## [Prompt]
Which lines of the data below hold "Selector"? Copy each of them.

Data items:
== Segment start ==
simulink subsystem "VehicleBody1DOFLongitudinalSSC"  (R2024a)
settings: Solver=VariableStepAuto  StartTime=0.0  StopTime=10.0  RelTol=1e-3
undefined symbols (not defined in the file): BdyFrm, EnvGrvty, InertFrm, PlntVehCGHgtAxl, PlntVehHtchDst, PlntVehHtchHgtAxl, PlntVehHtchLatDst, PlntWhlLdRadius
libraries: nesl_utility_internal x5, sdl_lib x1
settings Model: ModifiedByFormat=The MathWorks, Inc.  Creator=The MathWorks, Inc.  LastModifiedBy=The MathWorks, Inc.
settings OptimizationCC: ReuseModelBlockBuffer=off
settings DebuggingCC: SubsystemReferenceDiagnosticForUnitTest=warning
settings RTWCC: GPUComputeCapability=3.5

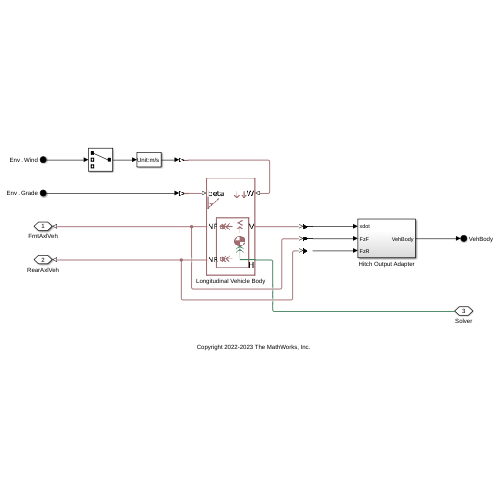
[thumbnail: Simulink's stored preview of the top-level diagram]
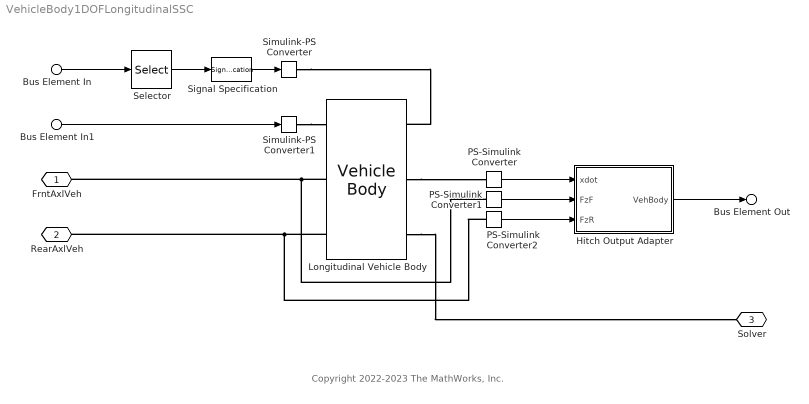
== system VehicleBody1DOFLongitudinalSSC ==
  note: Copyright 2022-2023 The MathWorks, Inc.
  Bus Element In : Inport  PortName=Env  Element=Wind
  Bus Element In1 : Inport  PortName=Env  Element=Grade
  Hitch Output Adapter : Subsystem
  Longitudinal Vehicle Body : sdl_lib/Tires & Vehicles/Vehicle Body  mass=PlntVehMass kg  n_w=PlntVehNumWhlFrntAxl  x_f=PlntVehDstCGFrntAxl m  x_r=PlntVehDstCGRearAxl m  y_c=PlntVehCGHgtAxl+PlntWhlLdRadius m  mass_var=simscape.enum.onoff.off  g=EnvGrvty m/s^2  liftoff_warning=simscape.enum.onoff.off  area=PlntVehAeroFrntArea m^2  Cd=PlntVehAeroDragCff  rho=EnvAirDen kg/m^3  model_pitch=simscape.enum.onoff.off  inertia=PlntVehPitchMomentInertia kg*m^2  suspension_model=sdl.enum.linearTLU.linear  k_f=PlntVeh3DOFFrntSuspStiff N/m  b_f=PlntVeh3DOFFrntSuspDamp N*s/m  k_r=PlntVeh3DOFRearSuspStiff N/m  b_r=PlntVeh3DOFRearSuspDamp N*s/m  k_f_TLU=[-2000, -1000, 0, 1000, 2000] N  x_f_TLU=[-.4, -.2, 0, .2, .4] m  b_f_TLU=[-200, -100, 0, 100, 200] N  v_f_TLU=[-4, -2, 0, 2, 4] m/s  k_r_TLU=[-2000, -1000, 0, 1000, 2000] N  x_r_TLU=[-.4, -.2, 0, .2, .4] m  b_r_TLU=[-200, -100, 0, 100, 200] N  v_r_TLU=[-4, -2, 0, 2, 4] m/s  interp_method=simscape.enum.interpolation.linear  extrap_method=simscape.enum.extrapolation.linear  model_hardstop=simscape.enum.onoff.off  upper_bound_f=.25 m  lower_bound_f=-.25 m  stop_k_f=1e6 N/m  stop_b_f=150 N*s/m  upper_bound_r=.25 m  lower_bound_r=-.25 m  stop_k_r=1e6 N/m  stop_b_r=150 N*s/m  initial_pitch=PlntVehInitPitchAng rad  initial_pitch_rate=PlntVehInitPitchRate rad/s  v_specify=off  v_priority=High  v=0 m/s  v_nominal_specify=off  v_nominal_value=1  v_nominal_unit=m/s
  PS-Simulink Converter : nesl_utility_internal/PS-Simulink Converter  PhysicalDomain=network_engine_domain  SubClassName=ps_output  LeftPortType=input  RightPortType=output  PseudoPeriodic=off  Frequencies=[]  VectorFormat=inherit  Unit=inherit  AffineConversion=off
  PS-Simulink Converter1 : nesl_utility_internal/PS-Simulink Converter  PhysicalDomain=network_engine_domain  SubClassName=ps_output  LeftPortType=input  RightPortType=output  PseudoPeriodic=off  Frequencies=[]  VectorFormat=inherit  Unit=inherit  AffineConversion=off
  PS-Simulink Converter2 : nesl_utility_internal/PS-Simulink Converter  PhysicalDomain=network_engine_domain  SubClassName=ps_output  LeftPortType=input  RightPortType=output  PseudoPeriodic=off  Frequencies=[]  VectorFormat=inherit  Unit=inherit  AffineConversion=off
  Selector : Selector  InputPortWidth=3  IndexOptions=Index vector (dialog)  Indices=[1]  OutputSizes=1
  Signal Specification : SignalSpecification  Unit=m/s
  Simulink-PS Converter : nesl_utility_internal/Simulink-PS Converter  PhysicalDomain=network_engine_domain  SubClassName=ps_input  LeftPortType=input  RightPortType=output  PseudoPeriodic=off  Frequencies=[]  NoiseDistribution=none  NoiseParameters=[]  Unit=m/s  AffineConversion=off  FilteringAndDerivatives=provide  SimscapeFilterOrder=1  InputFilterTimeConstant=0.001  UdotUserProvided=0
  Simulink-PS Converter1 : nesl_utility_internal/Simulink-PS Converter  PhysicalDomain=network_engine_domain  SubClassName=ps_input  LeftPortType=input  RightPortType=output  PseudoPeriodic=off  Frequencies=[]  NoiseDistribution=none  NoiseParameters=[]  Unit=deg  AffineConversion=off  FilteringAndDerivatives=provide  SimscapeFilterOrder=1  InputFilterTimeConstant=0.001  UdotUserProvided=0
  FrntAxlVeh : PMIOPort  Side=Left
  RearAxlVeh : PMIOPort  Port=2  Side=Left
  Solver : PMIOPort  Port=3  Side=Right
  Bus Element Out : Outport  PortName=VehBody
  wires:
  Bus Element In/1 -> Selector/1
  PS-Simulink Converter/1 -> Hitch Output Adapter/1(xdot)
  Selector/1 -> Signal Specification/1
  Bus Element In1/1 -> Simulink-PS Converter1/1
  PS-Simulink Converter2/1 -> Hitch Output Adapter/3(FzR)
  PS-Simulink Converter1/1 -> Hitch Output Adapter/2(FzF)
  Signal Specification/1 -> Simulink-PS Converter/1
  Hitch Output Adapter/1(VehBody) -> Bus Element Out/1
  connections:
  Longitudinal Vehicle Body/RConn2 -- PS-Simulink Converter1/LConn1 -- FrntAxlVeh/RConn1
  Longitudinal Vehicle Body/RConn1 -- PS-Simulink Converter2/LConn1 -- RearAxlVeh/RConn1
  Longitudinal Vehicle Body/LConn2 -- PS-Simulink Converter/LConn1
  Longitudinal Vehicle Body/LConn1 -- Solver/RConn1
  Simulink-PS Converter/RConn1 -- Longitudinal Vehicle Body/LConn3
  Simulink-PS Converter1/RConn1 -- Longitudinal Vehicle Body/RConn3

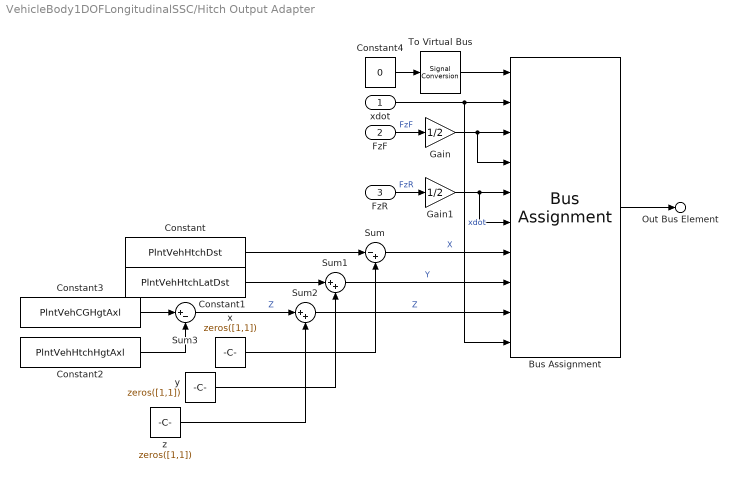
== system VehicleBody1DOFLongitudinalSSC/Hitch Output Adapter ==
  xdot : Inport
  FzF : Inport  Port=2
  FzR : Inport  Port=3
  Bus Assignment : BusAssignment  AssignedSignals=BdyFrm.Cg.Vel.xdot,BdyFrm.Forces.FrntAxl.Lft.Fz,BdyFrm.Forces.FrntAxl.Rght.Fz,BdyFrm.Forces.RearAxl.Lft.Fz,BdyFrm.Forces.RearAxl.Rght.Fz,InertFrm.Hitch.Disp.X,InertFrm.Hitch.Disp.Y,InertFrm.Hitch.Disp.Z,InertFrm.Hitch.Vel.Xdot
  Constant : Constant  Value=PlntVehHtchDst  SampleTime=-1
  Constant1 : Constant  Value=PlntVehHtchLatDst  SampleTime=-1
  Constant2 : Constant  Value=PlntVehHtchHgtAxl  SampleTime=-1
  Constant3 : Constant  Value=PlntVehCGHgtAxl  SampleTime=-1
  Constant4 : Constant  Value=0  OutDataTypeStr=Bus: VehBodyBUS  SampleTime=Inf
  Gain : Gain  Gain=1/2
  Gain1 : Gain  Gain=1/2
  Sum : Sum  Inputs=|-+
  Sum1 : Sum  Inputs=|++
  Sum2 : Sum  Inputs=|++
  Sum3 : Sum  Inputs=|+-
  To Virtual Bus : SignalConversion  ConversionOutput=Virtual bus  OverrideOpt=off
  x : Constant  Value=zeros([1,1])  SampleTime=-1
  y : Constant  Value=zeros([1,1])  SampleTime=-1
  z : Constant  Value=zeros([1,1])  SampleTime=-1
  Out Bus Element : Outport  PortName=VehBody
  wires:
  To Virtual Bus/1 -> Bus Assignment/1
  Bus Assignment/1 -> Out Bus Element/1
  Gain1/1 -> Bus Assignment/5, Bus Assignment/6
  Gain/1 -> Bus Assignment/3, Bus Assignment/4
  FzR/1 -> Gain1/1  "FzR"
  FzF/1 -> Gain/1  "FzF"
  xdot/1 -> Bus Assignment/2, Bus Assignment/10  "xdot"
  Constant4/1 -> To Virtual Bus/1
  z/1 -> Sum2/2
  x/1 -> Sum/2
  y/1 -> Sum1/2
  Constant/1 -> Sum/1
  Sum3/1 -> Sum2/1  "Z"
  Constant3/1 -> Sum3/1
  Sum2/1 -> Bus Assignment/9  "Z"
  Constant2/1 -> Sum3/2
  Sum/1 -> Bus Assignment/7  "X"
  Sum1/1 -> Bus Assignment/8  "Y"
  Constant1/1 -> Sum1/1
== Segment end ==
## [Written answer]
  Selector : Selector  InputPortWidth=3  IndexOptions=Index vector (dialog)  Indices=[1]  OutputSizes=1
  Bus Element In/1 -> Selector/1
  Selector/1 -> Signal Specification/1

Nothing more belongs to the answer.